(What the task asks)
Nothing is needed except the lines below that run from the one with "light_lamp.transmission_factor = 0.0" through the one with "me_cube_001.update()", repeated exactly.

Information shown Block Start

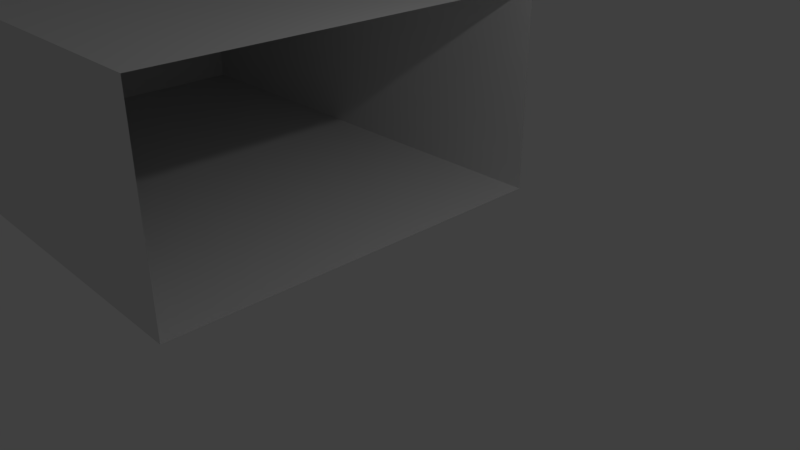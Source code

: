 # Source: Hallway.blend  (saved by Blender 2.79.0; exported with 4.5.12 LTS)
import bpy
from mathutils import Matrix  # noqa: F401  (used for matrix-valued properties, if any)

bpy.ops.wm.read_factory_settings(use_empty=True)
scene = bpy.context.scene
scene.name = 'Scene'

# ---- collections
col_collection_1 = bpy.data.collections.new('Collection 1'); scene.collection.children.link(col_collection_1)

# ---- materials (node trees are filled in below, after node groups)
mat_tileset_gijs = bpy.data.materials.new('TileSet-Gijs')
mat_tileset_gijs.alpha_threshold = 0.0
mat_tileset_gijs.use_transparent_shadow = False
mat_tileset_gijs.roughness = 0.5
mat_tileset_gijs.line_color = (0.0, 0.0, 0.0, 1.0)
mat_door = bpy.data.materials.new('Door')
mat_door.alpha_threshold = 0.0
mat_door.use_transparent_shadow = False
mat_door.roughness = 0.5

# ---- material node trees

# ---- world
world_world = bpy.data.worlds.new('World'); scene.world = world_world
world_world.color = (0.05088, 0.05088, 0.05088)
world_world.use_sun_shadow = False
world_world.sun_shadow_jitter_overblur = 0.0
world_world.cycles.sampling_method = 'MANUAL'

# ---- cameras
cam_camera = bpy.data.cameras.new('Camera')
cam_camera.clip_end = 100.0
cam_camera.lens = 35.0
cam_camera.sensor_width = 32.0
cam_camera.sensor_height = 18.0
cam_camera.ortho_scale = 7.314
cam_camera.dof.focus_distance = 0.0
cam_camera.dof.aperture_fstop = 128.0

# ---- lights
light_lamp = bpy.data.lights.new('Lamp', 'POINT')
light_lamp.transmission_factor = 0.0
light_lamp.cutoff_distance = 30.0
light_lamp.energy = 100.0
light_lamp.shadow_buffer_clip_start = 1.001
light_lamp.shadow_soft_size = 0.1
light_lamp.shadow_maximum_resolution = 0.006
light_lamp.use_absolute_resolution = True

# ---- meshes
me_cube_001 = bpy.data.meshes.new('Cube.001')
me_cube_001.from_pydata([(-0.04984, -0.9938, -1.739e-05), (-0.04984, 0.006203, -1.739e-05), (-0.04984, 1.006, -1.739e-05), (-0.04984, 1.006, 1.0), (-0.04984, -0.9938, 1.0), (-0.04984, -0.9938, 2.0), (-0.04984, 0.006203, 2.0), (-0.04984, 1.006, 2.0), (-0.04984, 0.006203, 1.0)], [], [(4, 8, 6, 5), (8, 3, 7, 6), (0, 1, 8, 4), (1, 2, 3, 8)])
me_cube_001.polygons.foreach_set('material_index', [1, 1, 1, 1])
_uv = me_cube_001.uv_layers.new(name='UVMap')
_uv.uv.foreach_set('vector', [0.0003906, 0.3336, 0.4996, 0.3336, 0.4996, 0.6664, 0.0003906, 0.6664, 0.0003906, 0.0002604, 0.4996, 0.0002604, 0.4996, 0.3331, 0.0003906, 0.3331, 0.5004, 0.3336, 0.9996, 0.3336, 0.9996, 0.6664, 0.5004, 0.6664, 0.5004, 0.0002604, 0.9996, 0.0002604, 0.9996, 0.3331, 0.5004, 0.3331])
me_cube_001.materials.append(mat_tileset_gijs)
me_cube_001.materials.append(mat_door)
me_cube_001.use_remesh_preserve_volume = False
me_cube_001.use_remesh_preserve_attributes = False
me_cube_001.use_mirror_vertex_groups = False
me_cube_001.update()
me_cube = bpy.data.meshes.new('Cube')
me_cube.from_pydata([(0.0, 2.0, 0.0), (0.0, 3.0, 0.0), (-1.0, 3.0, 0.0), (-1.0, 2.0, 0.0), (0.0, 1.0, 0.0), (-7.0, -1.0, 0.0), (0.0, 0.0, 0.0), (-1.0, 1.0, 0.0), (0.0, -1.0, 0.0), (-1.0, 0.0, 0.0), (0.0, -2.0, 0.0), (-1.0, -1.0, 0.0), (0.0, -3.0, 0.0), (-1.0, -2.0, 0.0), (-7.0, 0.0, 0.0), (-1.0, -3.0, 0.0), (-2.0, -2.0, 0.0), (-2.0, -3.0, 0.0), (-3.0, -2.0, 0.0), (-3.0, -3.0, 0.0), (-4.0, -2.0, 0.0), (-4.0, -3.0, 0.0), (-5.0, -2.0, 0.0), (-5.0, -3.0, 0.0), (-6.0, -2.0, 0.0), (-6.0, -3.0, 0.0), (-7.0, -2.0, 0.0), (-7.0, -3.0, 0.0), (-8.0, -2.0, 0.0), (-8.0, -3.0, 0.0), (-8.0, -1.0, 0.0), (-7.0, 1.0, 0.0), (-8.0, 0.0, 0.0), (-7.0, 2.0, 0.0), (-8.0, 1.0, 0.0), (-7.0, 3.0, 0.0), (-8.0, 2.0, 0.0), (-6.0, 3.0, 0.0), (-8.0, 3.0, 0.0), (-6.0, 2.0, 0.0), (-5.0, 3.0, 0.0), (-5.0, 2.0, 0.0), (-4.0, 3.0, 0.0), (-4.0, 2.0, 0.0), (-3.0, 3.0, 0.0), (-3.0, 2.0, 0.0), (-2.0, 3.0, 0.0), (-2.0, 2.0, 0.0), (-2.0, 1.0, 0.0), (-4.0, 0.0, 0.0), (-6.0, -1.0, 0.0), (-3.0, 1.0, 0.0), (-4.0, 1.0, 0.0), (-5.0, 1.0, 0.0), (-6.0, 1.0, 0.0), (-6.0, 0.0, 0.0), (-5.0, 0.0, 0.0), (-5.0, -1.0, 0.0), (-4.0, -1.0, 0.0), (-2.0, -1.0, 0.0), (-3.0, -1.0, 0.0), (-3.0, 0.0, 0.0), (-2.0, 0.0, 0.0), (-2.0, 3.0, 2.0), (0.0, 3.0, 2.0), (0.0, 3.0, 1.0), (-1.0, 3.0, 1.0), (-5.0, 3.0, 1.0), (-2.0, 3.0, 1.0), (-3.0, 3.0, 1.0), (-3.0, 3.0, 2.0), (-1.0, 3.0, 2.0), (-7.0, 3.0, 1.0), (-4.0, 3.0, 1.0), (-4.0, 3.0, 2.0), (-7.0, 3.0, 3.0), (-6.0, 3.0, 1.0), (-5.0, 3.0, 2.0), (-6.0, 3.0, 2.0), (-6.0, 3.0, 3.0), (-8.0, 3.0, 1.0), (-7.0, 3.0, 2.0), (-8.0, 3.0, 2.0), (-4.0, 3.0, 3.0), (-3.0, 3.0, 3.0), (-5.0, 3.0, 3.0), (-2.0, 3.0, 3.0), (-8.0, 3.0, 3.0), (-1.0, 3.0, 3.0), (0.0, 3.0, 3.0), (-7.0, -3.0, 2.0), (-5.0, -3.0, 2.0), (0.0, -3.0, 1.0), (-1.0, -3.0, 1.0), (-1.0, -3.0, 3.0), (-2.0, -3.0, 1.0), (-3.0, -3.0, 1.0), (-4.0, -3.0, 1.0), (-5.0, -3.0, 1.0), (-6.0, -3.0, 1.0), (-7.0, -3.0, 1.0), (-8.0, -3.0, 1.0), (-8.0, -3.0, 2.0), (-6.0, -3.0, 2.0), (-3.0, -3.0, 3.0), (-4.0, -3.0, 3.0), (-4.0, -3.0, 2.0), (-3.0, -3.0, 2.0), (-2.0, -3.0, 2.0), (-1.0, -3.0, 2.0), (0.0, -3.0, 2.0), (0.0, -3.0, 3.0), (-2.0, -3.0, 3.0), (-5.0, -3.0, 3.0), (-6.0, -3.0, 3.0), (-7.0, -3.0, 3.0), (-8.0, -3.0, 3.0), (-8.0, -2.0, 3.0), (-8.0, -2.0, 2.0), (-8.0, -1.0, 3.0), (-8.0, 2.0, 1.0), (-8.0, 1.0, 1.0), (-1.0, -2.0, 3.0), (-8.0, -1.0, 1.0), (-8.0, -2.0, 1.0), (-8.0, -1.0, 2.0), (-8.0, 0.0, 2.0), (-8.0, 1.0, 2.0), (-8.0, 0.0, 3.0), (-8.0, 2.0, 2.0), (-8.0, 1.0, 3.0), (-2.0, -2.0, 3.0), (-8.0, 2.0, 3.0), (-1.0, -1.0, 3.0), (0.0, -1.0, 3.0), (0.0, -2.0, 3.0), (-3.0, -1.0, 3.0), (-7.0, -2.0, 3.0), (-5.0, -2.0, 3.0), (-3.0, -2.0, 3.0), (-4.0, -2.0, 3.0), (-4.0, -1.0, 3.0), (-6.0, -2.0, 3.0), (-5.0, -1.0, 3.0), (-2.0, -1.0, 3.0), (-6.0, -1.0, 3.0), (-7.0, -1.0, 3.0), (-7.0, 1.0, 3.0), (-7.0, 0.0, 3.0), (-7.0, 2.0, 3.0), (-4.0, 0.0, 3.0), (-6.0, 1.0, 3.0), (-6.0, 2.0, 3.0), (-6.0, 0.0, 3.0), (-5.0, 0.0, 3.0), (-3.0, 0.0, 3.0), (-2.0, 0.0, 3.0), (0.0, 0.0, 3.0), (-4.0, 1.0, 3.0), (-3.0, 1.0, 3.0), (-1.0, 0.0, 3.0), (-2.0, 1.0, 3.0), (-5.0, 2.0, 3.0), (-3.0, 2.0, 3.0), (-5.0, 1.0, 3.0), (-4.0, 2.0, 3.0), (-2.0, 2.0, 3.0), (-1.0, 2.0, 3.0), (0.0, 2.0, 3.0), (0.0, 1.0, 3.0), (-1.0, 1.0, 3.0)], [], [(0, 1, 2, 3), (4, 0, 3, 7), (6, 4, 7, 9), (8, 6, 9, 11), (10, 8, 11, 13), (12, 10, 13, 15), (15, 13, 16, 17), (17, 16, 18, 19), (19, 18, 20, 21), (21, 20, 22, 23), (23, 22, 24, 25), (25, 24, 26, 27), (27, 26, 28, 29), (26, 5, 30, 28), (5, 14, 32, 30), (14, 31, 34, 32), (31, 33, 36, 34), (33, 35, 38, 36), (39, 37, 35, 33), (41, 40, 37, 39), (43, 42, 40, 41), (45, 44, 42, 43), (47, 46, 44, 45), (3, 2, 46, 47), (7, 3, 47, 48), (48, 47, 45, 51), (51, 45, 43, 52), (52, 43, 41, 53), (53, 41, 39, 54), (54, 39, 33, 31), (55, 54, 31, 14), (50, 55, 14, 5), (24, 50, 5, 26), (57, 56, 55, 50), (56, 53, 54, 55), (22, 57, 50, 24), (20, 58, 57, 22), (58, 49, 56, 57), (49, 52, 53, 56), (61, 51, 52, 49), (60, 61, 49, 58), (16, 59, 60, 18), (59, 62, 61, 60), (18, 60, 58, 20), (62, 48, 51, 61), (9, 7, 48, 62), (11, 9, 62, 59), (13, 11, 59, 16), (2, 1, 65, 66), (46, 2, 66, 68), (44, 46, 68, 69), (69, 68, 63, 70), (68, 66, 71, 63), (66, 65, 64, 71), (73, 69, 70, 74), (42, 44, 69, 73), (40, 42, 73, 67), (67, 73, 74, 77), (76, 67, 77, 78), (37, 40, 67, 76), (35, 37, 76, 72), (72, 76, 78, 81), (80, 72, 81, 82), (38, 35, 72, 80), (81, 78, 79, 75), (78, 77, 85, 79), (82, 81, 75, 87), (77, 74, 83, 85), (74, 70, 84, 83), (70, 63, 86, 84), (63, 71, 88, 86), (71, 64, 89, 88), (15, 93, 92, 12), (17, 95, 93, 15), (19, 96, 95, 17), (21, 97, 96, 19), (23, 98, 97, 21), (25, 99, 98, 23), (27, 100, 99, 25), (29, 101, 100, 27), (101, 102, 90, 100), (100, 90, 103, 99), (99, 103, 91, 98), (97, 98, 91, 106), (96, 97, 106, 107), (95, 96, 107, 108), (93, 95, 108, 109), (92, 93, 109, 110), (110, 109, 94, 111), (109, 108, 112, 94), (108, 107, 104, 112), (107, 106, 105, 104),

Information shown Block End

(Response)
light_lamp.transmission_factor = 0.0
light_lamp.cutoff_distance = 30.0
light_lamp.energy = 100.0
light_lamp.shadow_buffer_clip_start = 1.001
light_lamp.shadow_soft_size = 0.1
light_lamp.shadow_maximum_resolution = 0.006
light_lamp.use_absolute_resolution = True

# ---- meshes
me_cube_001 = bpy.data.meshes.new('Cube.001')
me_cube_001.from_pydata([(-0.04984, -0.9938, -1.739e-05), (-0.04984, 0.006203, -1.739e-05), (-0.04984, 1.006, -1.739e-05), (-0.04984, 1.006, 1.0), (-0.04984, -0.9938, 1.0), (-0.04984, -0.9938, 2.0), (-0.04984, 0.006203, 2.0), (-0.04984, 1.006, 2.0), (-0.04984, 0.006203, 1.0)], [], [(4, 8, 6, 5), (8, 3, 7, 6), (0, 1, 8, 4), (1, 2, 3, 8)])
me_cube_001.polygons.foreach_set('material_index', [1, 1, 1, 1])
_uv = me_cube_001.uv_layers.new(name='UVMap')
_uv.uv.foreach_set('vector', [0.0003906, 0.3336, 0.4996, 0.3336, 0.4996, 0.6664, 0.0003906, 0.6664, 0.0003906, 0.0002604, 0.4996, 0.0002604, 0.4996, 0.3331, 0.0003906, 0.3331, 0.5004, 0.3336, 0.9996, 0.3336, 0.9996, 0.6664, 0.5004, 0.6664, 0.5004, 0.0002604, 0.9996, 0.0002604, 0.9996, 0.3331, 0.5004, 0.3331])
me_cube_001.materials.append(mat_tileset_gijs)
me_cube_001.materials.append(mat_door)
me_cube_001.use_remesh_preserve_volume = False
me_cube_001.use_remesh_preserve_attributes = False
me_cube_001.use_mirror_vertex_groups = False
me_cube_001.update()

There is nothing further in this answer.